Side note: not really observing this from your uninstallation guide, the only pods that get interrupted and restarted are the kube-proxy and aws-node.
NOTES:
Make sure to stop all K8s pods deployed with Sysbox prior to uninstalling Sysbox.
The uninstallation will temporarily disrupt all pods on the nodes where CRI-O and Sysbox were installed, for up to 1 minute, as they require the kubelet to restart.
The 'sleep' instructions above ensure that kubelet has a chance to launch and execute the daemonsets before the subsequent step.
@rauerhans, thanks for filling this one up. I don't remember seeing instability issues like the one you describe, so I believe it must be something recently introduced.
The first log you had some concerns about (below), seems to be a bug in this logic, but I suspect that this has nothing to do with the issue at hand.
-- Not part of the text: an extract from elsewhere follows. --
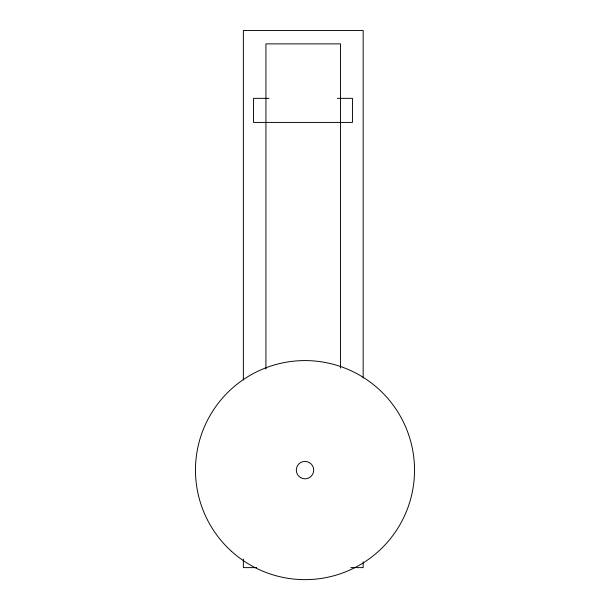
<?xml version="1.0" encoding="UTF-8"?>
<svg xmlns="http://www.w3.org/2000/svg" width="610" height="610" viewBox="0 0 610 610"><rect width="100%" height="100%" fill="white"/><g stroke="black" fill="none" stroke-linecap="round" stroke-linejoin="round"><path stroke-width="0.91" d="M269.033 98.347L253.539 98.347L253.539 122.419L352.443 122.419L352.443 98.347L337.345 98.347M256.673 567.62L243.367 567.62L243.367 559.05M350.803 567.62L363.163 567.62L363.163 561.901M363.163 378.101L363.163 30.5L243.367 30.5L243.367 380.007M340.548 368.074L340.548 43.874L265.937 43.874L265.937 369.027M300.646 477.653A8.708 8.708 0 0 0 313.708 470.112A8.708 8.708 0 0 0 300.646 462.578A8.708 8.708 0 0 0 300.646 477.653M231.571 551.379A109.525 109.525 0 0 0 412.093 493.071A109.525 109.525 0 0 0 271.336 365.893A109.525 109.525 0 0 0 231.571 551.379"/></g></svg>
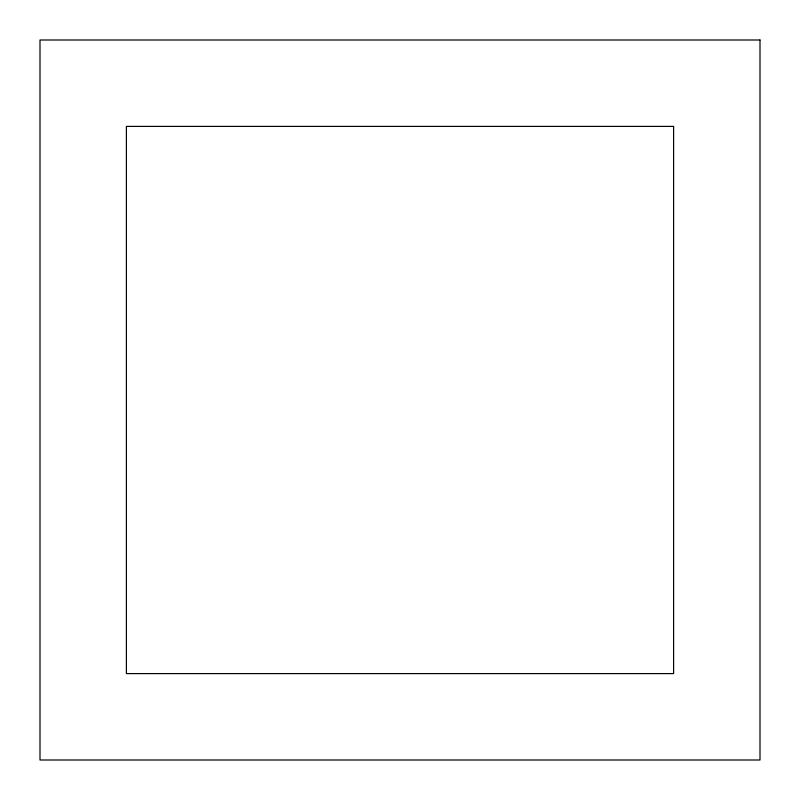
<?xml version="1.0" encoding="UTF-8"?>
<svg xmlns="http://www.w3.org/2000/svg" width="800" height="800" viewBox="0 0 800 800"><rect width="100%" height="100%" fill="white"/><g stroke="black" fill="none" stroke-linecap="round" stroke-linejoin="round"><path stroke-width="1.2" d="M760 40L40 40L40 760L760 760L760 40M673.6 126.4L126.4 126.4L126.4 673.6L673.6 673.6L673.6 126.4"/></g></svg>

I believe the issue we need to focus on is related to this output you previously pasted (see below). which seems to be matching the problem described in issue #713.
# systemctl status sysbox-mgr
● sysbox-mgr.service - sysbox-mgr (part of the Sysbox container runtime)
Loaded: loaded (/lib/systemd/system/sysbox-mgr.service; enabled; vendor preset: enabled)
Active: failed (Result: timeout) since Thu 2023-08-03 12:22:14 UTC; 5h 49min ago
Main PID: 19431 (code=killed, signal=TERM)
Aug 03 12:21:29 ip-10-0-50-152 systemd[1]: Starting sysbox-mgr (part of the Sysbox container runtime)...
Aug 03 12:21:29 ip-10-0-50-152 sysbox-mgr[19431]: time="2023-08-03 12:21:29" level=info msg="Starting ..."
Aug 03 12:21:29 ip-10-0-50-152 sysbox-mgr[19431]: time="2023-08-03 12:21:29" level=info msg="Sysbox data root: /var/lib/sysbox"
Aug 03 12:22:14 ip-10-0-50-152 systemd[1]: sysbox-mgr.service: start operation timed out. Terminating.
Aug 03 12:22:14 ip-10-0-50-152 systemd[1]: sysbox-mgr.service: Failed with result 'timeout'.
Aug 03 12:22:14 ip-10-0-50-152 systemd[1]: Failed to start sysbox-mgr (part of the Sysbox container runtime).
Please take a look at issue #713 and try to manually remove any sysbox-mgr.pid file that you may encounter in the affected node. If the corresponding k8s node comes up after this step, it would prove that this is the smoking-gun that we are after.